# NSW - 10.2.13 - Things that go bump in the night



## bunsen (Jan 2, 2009)

Lately I've been doing it tough fishing wise. I cant seem to catch squid in any of my usual places, and pelagic action has been largely absent. I go over things in my head again and again, trying to work out what's been different. Call it a mojo slump I guess. I needed an answer. Then it appeared. Now, you may laugh, but I am a very superstitious fisherman, and I have some lucky talismans that seem to accompany most of my best fishing days. One of them had been missing in action, but it turned up during the week. A black bandanna that had been hiding in my son's dress up drawer. Things were looking up. A window of calm even appeared on Seabreeze around sunrise on Sunday morning. I packed my gear.

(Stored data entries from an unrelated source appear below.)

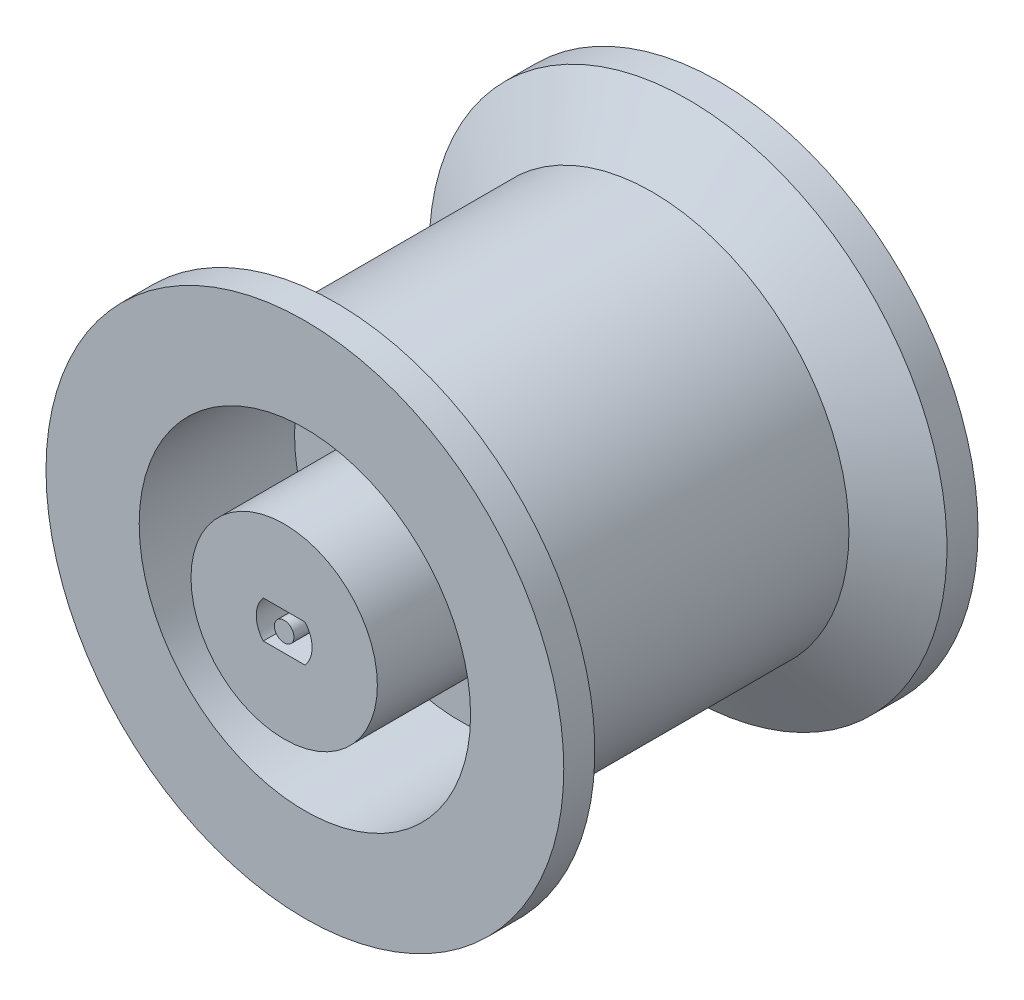
ISO-10303-21;
HEADER;
FILE_DESCRIPTION(('STEP AP214'),'2;1');
FILE_NAME('part.step','',(''),(''),'','','');
FILE_SCHEMA(('AUTOMOTIVE_DESIGN { 1 0 10303 214 1 1 1 1 }'));
ENDSEC;
DATA;
#1=APPLICATION_CONTEXT('core data for automotive mechanical design processes');
#2=APPLICATION_PROTOCOL_DEFINITION('international standard','automotive_design',2000,#1);
#3=PRODUCT_CONTEXT('',#1,'mechanical');
#4=PRODUCT('Part','Part','',(#3));
#5=PRODUCT_RELATED_PRODUCT_CATEGORY('part','',(#4));
#6=PRODUCT_DEFINITION_FORMATION('','',#4);
#7=PRODUCT_DEFINITION_CONTEXT('part definition',#1,'design');
#8=PRODUCT_DEFINITION('design','',#6,#7);
#9=PRODUCT_DEFINITION_SHAPE('','',#8);
#10=(LENGTH_UNIT() NAMED_UNIT(*) SI_UNIT(.MILLI.,.METRE.));
#11=(NAMED_UNIT(*) PLANE_ANGLE_UNIT() SI_UNIT($,.RADIAN.));
#12=(NAMED_UNIT(*) SI_UNIT($,.STERADIAN.) SOLID_ANGLE_UNIT());
#13=UNCERTAINTY_MEASURE_WITH_UNIT(LENGTH_MEASURE(1.E-05),#10,'distance_accuracy_value','');
#14=(GEOMETRIC_REPRESENTATION_CONTEXT(3) GLOBAL_UNCERTAINTY_ASSIGNED_CONTEXT((#13)) GLOBAL_UNIT_ASSIGNED_CONTEXT((#10,
#11,#12)) REPRESENTATION_CONTEXT('',''));
#15=CARTESIAN_POINT('',(0.,0.,0.));
#16=DIRECTION('',(0.,0.,1.));
#17=DIRECTION('',(1.,0.,0.));
#18=AXIS2_PLACEMENT_3D('',#15,#16,#17);
#19=CARTESIAN_POINT('',(0.,0.,20.));
#20=DIRECTION('',(0.,0.,-1.));
#21=DIRECTION('',(-1.,0.,0.));
#22=AXIS2_PLACEMENT_3D('',#19,#20,#21);
#23=CYLINDRICAL_SURFACE('',#22,25.);
#24=CARTESIAN_POINT('',(0.,0.,-17.));
#25=DIRECTION('',(0.,0.,-1.));
#26=DIRECTION('',(-1.,0.,0.));
#27=AXIS2_PLACEMENT_3D('',#24,#25,#26);
#28=CIRCLE('',#27,25.);
#29=CARTESIAN_POINT('',(-25.,0.,-17.));
#30=VERTEX_POINT('',#29);
#31=EDGE_CURVE('E123',#30,#30,#28,.T.);
#32=ORIENTED_EDGE('',*,*,#31,.T.);
#33=EDGE_LOOP('',(#32));
#34=FACE_BOUND('',#33,.T.);
#35=CARTESIAN_POINT('',(0.,0.,-20.));
#36=DIRECTION('',(0.,0.,1.));
#37=DIRECTION('',(1.,0.,0.));
#38=AXIS2_PLACEMENT_3D('',#35,#36,#37);
#39=CIRCLE('',#38,25.);
#40=CARTESIAN_POINT('',(25.,0.,-20.));
#41=VERTEX_POINT('',#40);
#42=EDGE_CURVE('E160',#41,#41,#39,.T.);
#43=ORIENTED_EDGE('',*,*,#42,.T.);
#44=EDGE_LOOP('',(#43));
#45=FACE_BOUND('',#44,.T.);
#46=ADVANCED_FACE('F33',(#34,#45),#23,.T.);
#47=CARTESIAN_POINT('',(0.,0.,20.));
#48=DIRECTION('',(0.,0.,1.));
#49=DIRECTION('',(1.,0.,0.));
#50=AXIS2_PLACEMENT_3D('',#47,#48,#49);
#51=PLANE('',#50);
#52=CARTESIAN_POINT('',(0.,0.,20.));
#53=DIRECTION('',(0.,0.,1.));
#54=DIRECTION('',(1.,0.,0.));
#55=AXIS2_PLACEMENT_3D('',#52,#53,#54);
#56=CIRCLE('',#55,16.);
#57=CARTESIAN_POINT('',(16.,0.,20.));
#58=VERTEX_POINT('',#57);
#59=EDGE_CURVE('E153',#58,#58,#56,.T.);
#60=ORIENTED_EDGE('',*,*,#59,.F.);
#61=EDGE_LOOP('',(#60));
#62=FACE_BOUND('',#61,.T.);
#63=CARTESIAN_POINT('',(0.,0.,20.));
#64=DIRECTION('',(0.,0.,1.));
#65=DIRECTION('',(1.,0.,0.));
#66=AXIS2_PLACEMENT_3D('',#63,#64,#65);
#67=CIRCLE('',#66,25.);
#68=CARTESIAN_POINT('',(25.,0.,20.));
#69=VERTEX_POINT('',#68);
#70=EDGE_CURVE('E163',#69,#69,#67,.T.);
#71=ORIENTED_EDGE('',*,*,#70,.T.);
#72=EDGE_LOOP('',(#71));
#73=FACE_BOUND('',#72,.T.);
#74=ADVANCED_FACE('F209',(#62,#73),#51,.T.);
#75=CARTESIAN_POINT('',(0.,0.,-20.));
#76=DIRECTION('',(0.,0.,1.));
#77=DIRECTION('',(1.,0.,0.));
#78=AXIS2_PLACEMENT_3D('',#75,#76,#77);
#79=PLANE('',#78);
#80=CARTESIAN_POINT('',(0.,0.,-20.));
#81=DIRECTION('',(0.,0.,1.));
#82=DIRECTION('',(1.,0.,0.));
#83=AXIS2_PLACEMENT_3D('',#80,#81,#82);
#84=CIRCLE('',#83,16.);
#85=CARTESIAN_POINT('',(16.,0.,-20.));
#86=VERTEX_POINT('',#85);
#87=EDGE_CURVE('E154',#86,#86,#84,.T.);
#88=ORIENTED_EDGE('',*,*,#87,.T.);
#89=EDGE_LOOP('',(#88));
#90=FACE_BOUND('',#89,.T.);
#91=ORIENTED_EDGE('',*,*,#42,.F.);
#92=EDGE_LOOP('',(#91));
#93=FACE_BOUND('',#92,.T.);
#94=ADVANCED_FACE('F206',(#90,#93),#79,.F.);
#95=CARTESIAN_POINT('',(0.,0.,17.));
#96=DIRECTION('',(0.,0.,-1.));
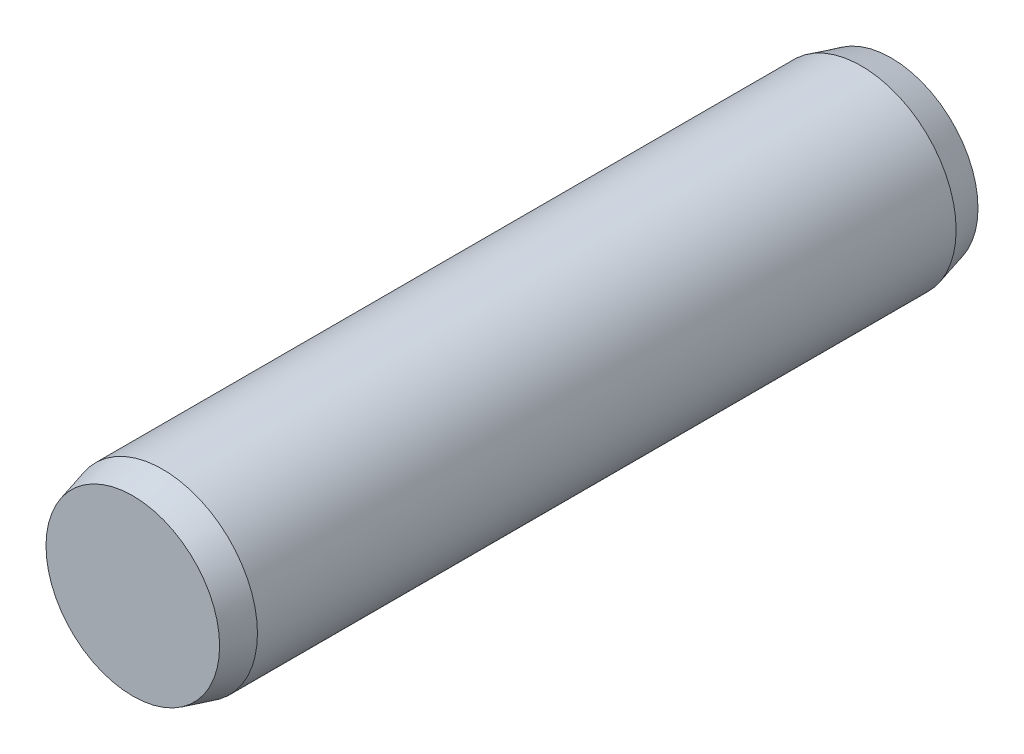
ISO-10303-21;
HEADER;
FILE_DESCRIPTION(('STEP AP214'),'2;1');
FILE_NAME('part.step','',(''),(''),'','','');
FILE_SCHEMA(('AUTOMOTIVE_DESIGN { 1 0 10303 214 1 1 1 1 }'));
ENDSEC;
DATA;
#1=APPLICATION_CONTEXT('core data for automotive mechanical design processes');
#2=APPLICATION_PROTOCOL_DEFINITION('international standard','automotive_design',2000,#1);
#3=PRODUCT_CONTEXT('',#1,'mechanical');
#4=PRODUCT('Part','Part','',(#3));
#5=PRODUCT_RELATED_PRODUCT_CATEGORY('part','',(#4));
#6=PRODUCT_DEFINITION_FORMATION('','',#4);
#7=PRODUCT_DEFINITION_CONTEXT('part definition',#1,'design');
#8=PRODUCT_DEFINITION('design','',#6,#7);
#9=PRODUCT_DEFINITION_SHAPE('','',#8);
#10=(LENGTH_UNIT() NAMED_UNIT(*) SI_UNIT(.MILLI.,.METRE.));
#11=(NAMED_UNIT(*) PLANE_ANGLE_UNIT() SI_UNIT($,.RADIAN.));
#12=(NAMED_UNIT(*) SI_UNIT($,.STERADIAN.) SOLID_ANGLE_UNIT());
#13=UNCERTAINTY_MEASURE_WITH_UNIT(LENGTH_MEASURE(1.E-05),#10,'distance_accuracy_value','');
#14=(GEOMETRIC_REPRESENTATION_CONTEXT(3) GLOBAL_UNCERTAINTY_ASSIGNED_CONTEXT((#13)) GLOBAL_UNIT_ASSIGNED_CONTEXT((#10,
#11,#12)) REPRESENTATION_CONTEXT('',''));
#15=CARTESIAN_POINT('',(0.,0.,0.));
#16=DIRECTION('',(0.,0.,1.));
#17=DIRECTION('',(1.,0.,0.));
#18=AXIS2_PLACEMENT_3D('',#15,#16,#17);
#19=CARTESIAN_POINT('',(0.,0.,7.37));
#20=DIRECTION('',(0.,0.,-1.));
#21=DIRECTION('',(-1.,0.,0.));
#22=AXIS2_PLACEMENT_3D('',#19,#20,#21);
#23=CONICAL_SURFACE('',#22,2.,0.26179938779915);
#24=CARTESIAN_POINT('',(0.,0.,8.));
#25=DIRECTION('',(0.,0.,1.));
#26=DIRECTION('',(1.,0.,0.));
#27=AXIS2_PLACEMENT_3D('',#24,#25,#26);
#28=CIRCLE('',#27,1.83119200876839);
#29=CARTESIAN_POINT('',(1.83119200876839,0.,8.));
#30=VERTEX_POINT('',#29);
#31=EDGE_CURVE('E46',#30,#30,#28,.T.);
#32=ORIENTED_EDGE('',*,*,#31,.F.);
#33=EDGE_LOOP('',(#32));
#34=FACE_BOUND('',#33,.T.);
#35=CARTESIAN_POINT('',(0.,0.,7.37));
#36=DIRECTION('',(0.,0.,1.));
#37=DIRECTION('',(1.,0.,0.));
#38=AXIS2_PLACEMENT_3D('',#35,#36,#37);
#39=CIRCLE('',#38,2.);
#40=CARTESIAN_POINT('',(2.,0.,7.37));
#41=VERTEX_POINT('',#40);
#42=EDGE_CURVE('E10',#41,#41,#39,.T.);
#43=ORIENTED_EDGE('',*,*,#42,.T.);
#44=EDGE_LOOP('',(#43));
#45=FACE_BOUND('',#44,.T.);
#46=ADVANCED_FACE('F32',(#34,#45),#23,.T.);
#47=CARTESIAN_POINT('',(0.,0.,8.));
#48=DIRECTION('',(0.,0.,1.));
#49=DIRECTION('',(1.,0.,0.));
#50=AXIS2_PLACEMENT_3D('',#47,#48,#49);
#51=CYLINDRICAL_SURFACE('',#50,2.);
#52=ORIENTED_EDGE('',*,*,#42,.F.);
#53=EDGE_LOOP('',(#52));
#54=FACE_BOUND('',#53,.T.);
#55=CARTESIAN_POINT('',(0.,0.,-7.37));
#56=DIRECTION('',(0.,0.,1.));
#57=DIRECTION('',(1.,0.,0.));
#58=AXIS2_PLACEMENT_3D('',#55,#56,#57);
#59=CIRCLE('',#58,2.);
#60=CARTESIAN_POINT('',(2.,0.,-7.37));
#61=VERTEX_POINT('',#60);
#62=EDGE_CURVE('E38',#61,#61,#59,.T.);
#63=ORIENTED_EDGE('',*,*,#62,.T.);
#64=EDGE_LOOP('',(#63));
#65=FACE_BOUND('',#64,.T.);
#66=ADVANCED_FACE('F55',(#54,#65),#51,.T.);
#67=CARTESIAN_POINT('',(0.,0.,-8.));
#68=DIRECTION('',(0.,0.,1.));
#69=DIRECTION('',(1.,0.,0.));
#70=AXIS2_PLACEMENT_3D('',#67,#68,#69);
#71=CONICAL_SURFACE('',#70,1.83119200876839,0.26179938779915);
#72=ORIENTED_EDGE('',*,*,#62,.F.);
#73=EDGE_LOOP('',(#72));
#74=FACE_BOUND('',#73,.T.);
#75=CARTESIAN_POINT('',(0.,0.,-8.));
#76=DIRECTION('',(0.,0.,1.));
#77=DIRECTION('',(1.,0.,0.));
#78=AXIS2_PLACEMENT_3D('',#75,#76,#77);
#79=CIRCLE('',#78,1.83119200876839);
#80=CARTESIAN_POINT('',(1.83119200876839,0.,-8.));
#81=VERTEX_POINT('',#80);
#82=EDGE_CURVE('E42',#81,#81,#79,.T.);
#83=ORIENTED_EDGE('',*,*,#82,.T.);
#84=EDGE_LOOP('',(#83));
#85=FACE_BOUND('',#84,.T.);
#86=ADVANCED_FACE('F59',(#74,#85),#71,.T.);
#87=CARTESIAN_POINT('',(0.,1.83119200876839,-8.));
#88=DIRECTION('',(0.,0.,1.));
#89=DIRECTION('',(1.,0.,0.));
#90=AXIS2_PLACEMENT_3D('',#87,#88,#89);
#91=PLANE('',#90);
#92=ORIENTED_EDGE('',*,*,#82,.F.);
#93=EDGE_LOOP('',(#92));
#94=FACE_BOUND('',#93,.T.);
#95=ADVANCED_FACE('F64',(#94),#91,.F.);
#96=CARTESIAN_POINT('',(0.,0.,8.));
#97=DIRECTION('',(0.,0.,-1.));
#98=DIRECTION('',(-1.,0.,0.));
#99=AXIS2_PLACEMENT_3D('',#96,#97,#98);
#100=PLANE('',#99);
#101=ORIENTED_EDGE('',*,*,#31,.T.);
#102=EDGE_LOOP('',(#101));
#103=FACE_BOUND('',#102,.T.);
#104=ADVANCED_FACE('F52',(#103),#100,.F.);
#105=CLOSED_SHELL('',(#46,#66,#86,#95,#104));
#106=MANIFOLD_SOLID_BREP('B2',#105);
#107=ADVANCED_BREP_SHAPE_REPRESENTATION('',(#18,#106),#14);
#108=SHAPE_DEFINITION_REPRESENTATION(#9,#107);
ENDSEC;
END-ISO-10303-21;

I got up at 4am, the wind was blowing pretty hard from the northeast. Not a good sign.
I got to the launch in Port Hacking and set up, pushing out into the darkness and wind. I knew it was going to be ugly out the front but I wasnt going to die wondering.

The next worrying sign was waves over the Deeban Spit in Gunnamatta Bay. It takes a fair bit of swell to even register in the bay, so I prepared myself for a nasty wet morning out there. If it got too rotten, at least the wind and swell would assist me back into the Port.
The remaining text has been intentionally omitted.